Hello Abraham. Udacity has some great courses and a great tool to learn Python, glad they've worked for you. Let me try to help answer your questions:
I think you're exaggerating a tad =). We've updated the terms of service once in the last 18 months. From your previous post, I can infer that you're concerned that we reserve the right to change or remove services in the future. I think you should look at other terms of service for comparison. TD Ameritrade says they "reserve the right to revise, modify, change, upgrade, suspend, impose limitations or restrictions on, deny access to, remove, or discontinue the Services at any time without prior notice." Interactive Brokers says "IB may terminate this Agreement or its services to Customer at any time." I readily admit that this is one of the least customer-friendly parts of our terms of use, but it is necessary in our industry and in our legal environment. I'm very open to learning ways to structure the agreement differently, but whatever they are, they have to pass muster with our legal advisors.

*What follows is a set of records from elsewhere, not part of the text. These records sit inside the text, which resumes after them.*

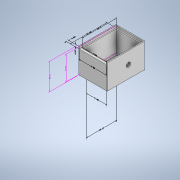
# Autodesk Inventor part: Part1
Saved by Autodesk Inventor 2022.6 (Build 266554010, 554A)
## iProperties
Created: 2025-05-13
Part Number: Part1
Material: Generic
Document SubType Name: Modeling
Designer: khinm
Density: 1 g/cm^3
Appearance: Default
Author: khinm
Autodesk Inventor part; units mm, degrees
ref_plane "XZ Plane" through (0, 0, 0) normal (0, 1, 0) x (-1, 0, 0)
sketch "Sketch1" plane through (0, 0, 0) normal (0, 0, 1) x (1, 0, 0)
  line L0 (-41, 37.5) -> (41, 37.5)
  line L1 (41, 37.5) -> (41, -37.5)
  line L2 (41, -37.5) -> (-41, -37.5)
  line L3 (-41, -37.5) -> (-41, 37.5)
  point P0 (0, 0)
  point P1 (0, 37.5)
  point P2 (-41, 0)
  dimension "d0" = 82
  dimension "d1" = 75
  constraints: 8 end point, 2 midpoint, 2 parallel, 1 horizontal, 1 horizontal alignment, 1 perpendicular, 1 vertical alignment
  measures "d0" distance of L0.start L0.end
  measures "d1" distance of L0.end L1.end
extrude "Extrusion1" add sketch "Sketch1" along normal mid plane 107
sketch "Sketch2" plane through (-41, 37.5, 53.5) normal (0, 1, 0) x (1, 0, 0)
  line L0 (0, 107) -> (82, 107) projected
  line L1 (6, 101) -> (76, 101)
  line L2 (76, 101) -> (76, 6)
  line L3 (76, 6) -> (6, 6)
  line L4 (6, 6) -> (6, 101)
  line L5 (0, 107) -> (0, 0) projected
  point P0 (41, 53.5)
  point P1 (41, 101)
  point P2 (41, 107)
  point P3 (6, 53.5)
  point P4 (0, 53.5)
  dimension "d4" = 95
  dimension "d5" = 70
  constraints: 8 end point, 4 midpoint, 2 parallel, 1 horizontal, 1 horizontal alignment, 1 perpendicular, 1 vertical alignment
  measures "d4" distance of L1.end L2.end
  measures "d5" distance of L1.start L1.end
extrude "Extrusion2" cut sketch "Sketch2" against normal blind 68
sketch "Sketch3" plane through (0, 0, 53.5) normal (0, 0, 1) x (1, 0, 0)
  line L0 (-35, 37.5) -> (35, 37.5)
  line L1 (35, 37.5) -> (35, 28.5)
  line L2 (35, 28.5) -> (-35, 28.5)
  line L3 (-35, 28.5) -> (-35, 37.5)
  line L4 (41, 37.5) -> (-41, 37.5) projected
  point P0 (0, 0)
  point P1 (0, 37.5)
  dimension "d14" = 70
  dimension "d15" = 9
  constraints: 8 end point, 2 midpoint, 2 parallel, 1 horizontal, 1 perpendicular
  measures "d14" distance of L1.end L2.end
  measures "d15" distance of L0.end L1.end
extrude "Extrusion3" cut sketch "Sketch3" against normal up to surface (6 mm away)
ref_plane "Work Plane1" through (0, 0, 0) normal (0, 0, 1) x (1, 0, 0)
sketch "Sketch5" plane through (0, 0, 0) normal (0, 0, 1) x (1, 0, 0)
  line L0 (-35, 37.5) -> (-35, -30.5) projected
  line L1 (-38, 34.5) -> (-35, 34.5)
  line L2 (-35, 34.5) -> (-35, 28.5)
  line L3 (-35, 28.5) -> (-38, 28.5)
  line L4 (-38, 28.5) -> (-38, 34.5)
  point P0 (0, 0)
  dimension "d21" = 3
  dimension "d22" = 6
  dimension "d23" = 3
  constraints: 8 end point, 2 parallel, 1 horizontal, 1 perpendicular, 1 point on line
  measures "d21" distance of L0.start L1.end
  measures "d22" distance of L1.start L3.end
  measures "d23" distance of L2.end L3.end
sketch3d "3D Sketch1"
  line L0 (-35, 37.5, 53.5) -> (-35, 37.5, -47.5)
  line L1 (-35, 37.5, -47.5) -> (35, 37.5, -47.5)
  line L2 (35, 37.5, -47.5) -> (35, 37.5, 53.5)
sweep "Sweep1" cut profiles "Sketch5" path "3D Sketch1"
ref_plane "Work Plane2" through (0, 0, 0) normal (1, 0, 0) x (0, 1, 0)
fillet "Fillet1" radius 2 10 edges at (41, 37.5, 0) (0, 37.5, -53.5) (-41, 37.5, 0) (41, 0, -53.5) (41, 0, 53.5) (-41, 0, 53.5) (-41, 0, -53.5) (35, 37.5, 3) (0, 37.5, -47.5) (-35, 37.5, 3)
fillet "Fillet2" radius 2 8 edges at (40.4142, -37.5, 52.9142) (0, -37.5, 53.5) (-40.4142, -37.5, 52.9142) (-41, -37.5, 0) (-40.4142, -37.5, -52.9142) (0, -37.5, -53.5) (40.4142, -37.5, -52.9142) (41, -37.5, 0)
sketch "Sketch9" plane through (-41, -30.5, 53.5) normal (0, 1, 0) x (1, 0, 0)
  line L0 (10.5, 98.5) -> (71.5, 98.5)
  line L1 (71.5, 98.5) -> (71.5, 8.5)
  line L2 (71.5, 8.5) -> (10.5, 8.5)
  line L3 (10.5, 8.5) -> (10.5, 98.5)
  point P0 (41, 53.5)
  point P1 (41, 96.5)
  point P2 (12.5, 53.5)
  point P3 (10.5, 53.5)
  point P4 (41, 98.5)
  dimension "d48" = 90
  dimension "d49" = 61
  constraints: 8 end point, 2 horizontal alignment, 2 midpoint, 2 parallel, 2 vertical alignment, 1 horizontal, 1 perpendicular
  measures "d48" distance of L0.end L1.end
  measures "d49" distance of L1.end L2.end
extrude "Extrusion5" add sketch "Sketch9" along normal blind 2.5
sketch "Sketch10" plane through (-41, -28, 53.5) normal (0, 1, 0) x (1, 0, 0)
  line L0 (71.5, 98.5) -> (10.5, 98.5) projected
  line L1 (12.5, 96.5) -> (69.5, 96.5)
  line L2 (69.5, 96.5) -> (69.5, 10.5)
  line L3 (69.5, 10.5) -> (12.5, 10.5)
  line L4 (12.5, 10.5) -> (12.5, 96.5)
  point P0 (41, 53.5)
  point P1 (12.5, 53.5)
  point P2 (41, 96.5)
  dimension "d52" = 57
  dimension "d53" = 86
  constraints: 8 end point, 2 midpoint, 2 parallel, 1 horizontal, 1 horizontal alignment, 1 perpendicular, 1 vertical alignment
  measures "d52" distance of L1.start L1.end
  measures "d53" distance of L1.end L2.end
extrude "Extrusion6" cut sketch "Sketch10" against normal up to surface (2.5 mm away)
fillet "Fillet3" radius 1 8 edges at (0, -28, -45) (0, -28, -43) (-30.5, -28, 0) (-28.5, -28, 0) (0, -28, 43) (0, -28, 45) (28.5, -28, 0) (30.5, -28, 0)
sketch "Sketch12" plane through (35, -30.5, -47.5) normal (-1, 0, 0) x (0, 0, 1)
  circle A0 centre (41, 30) radius 5.25
  line L0 (4.5, 1.5) -> (4.5, 0) projected
  line L1 (90.5, 0) -> (4.5, 0) projected
  point P0 (47.5, 30.5)
  dimension "d64" = 36.5
  dimension "d65" = 10.5
  dimension "d66" = 30
  constraints: 1 centre point
  measures "d64" distance from line of L0 A0.centre
  measures "d65" diameter of A0
  measures "d66" distance from line of L1 A0.centre
extrude "Extrusion7" cut sketch "Sketch12" against normal up to surface (6 mm away)
chamfer "Chamfer1" distance 1 angle 45 1 edges at (41, -0.5, -11.75)
chamfer "Chamfer2" distance 1 angle 45 1 edges at (35, -0.5, -11.75)
body "Solid1"

At risk of repeating myself: We want you to succeed, and we need you to succeed. We will make every effort to make any future changes to our terms of use reasonable and supportive of your continued success. Whenever we push a new feature or make a major change - we post to the community. We want everyone to know of the change. Our goal is to be transparent at every step - and we're always open for feedback.
We do have a few different types of orders, but they're not organized the way you've got outlined there. We have market, limit, and stop limit orders. Those are implemented in a few different ways. First is the way you describe - positive is a buy, negative is a sell. We also have a number of other convenience order methods, like order_target_percent() and others.
If you have a code error that causes you to place an order in the wrong direction, that's a problem. It's going to be a problem whether the cause is a negative sign or a logic bug. The only answer there is good testing. As for overflows, or NaNs, or missing data, etc. if the algorithm hits something like that it throws an error and shuts down.
Round 2:
Interactive Brokers does support a large number of order types. We only support a handful of them. Most of IB's custom order types can be implemented using Python in Quantopian. For instance, Ryan's got good market-on-open and market-on-close implementations here. We may support some of the IB custom order types in the future. On the other hand, we also plan on supporting other brokerages, and restricting ourselves to basic order types will make everyone's algo easier to port from brokerage to brokerage. It's an interesting challenge.
We don't have built-in fat-finger checks. That's a pretty good idea. I'd like to hear more about what you'd think is a useful way to implement those. For now, one of your best tools is the backtest. Backtest and forward test your strategy to confirm that its executing the expected behavior. Tinker with the parameters. Log your inputs and track your outputs. If you get stuck, try asking the community, they're a helpful group
We're still in our pilot program for live trading, so I think the answer on latency is going to evolve as we get more traders, more trading, more information, and future code modifications. I'll give you some nitty-gritty details. For now, it works like this: We get the trade data from Nanex's NxCore product. That gets to us in a few hundred millliseconds, most of the time. We put that trade data into a minute bar and push the minute bar to your algorithm. That generally takes another few hundred milliseconds, sometimes a couple of seconds. Your algorithm processes the data - that can be really fast, or it can take several seconds if you're doing heavy lifting. As handle_data() processes the data, it's passing orders into our database, and they are then passed on to IB. Again, that generally takes another few hundred milliseconds, sometimes a couple of seconds. All told, you're looking at 1-15 seconds for orders to get to IB, with most of them in 2-5 second range. Side note: if your algorithm takes longer than 50 seconds to do a computation, we throw an error and alert you that the algo is failing.
If your algo depends on getting orders in faster than this, we unfortunately aren't prepared to support it. We're aiming at supporting strategies with a looser latency requirement.
Grant's got the links for the manual, as it were, in his post above.
One thought I had as I was writing this reply. Our live trading program is a pilot program. It's not yet publicly available, and it's certainly not out of beta. Using beta (or pilot) products requires a leap of faith, and it often includes running into product infelicities and outright bugs. That means that pilot programs aren't for everyone. I can completely understand if someone is not ready to make the leap to live trading today. The good news is that there is a zero-risk, free way to figure out if the program is for you. Just start paper trading. For the duration of the beta, we will provide the service for free. Paper trading does not risk your investment - it's just paper.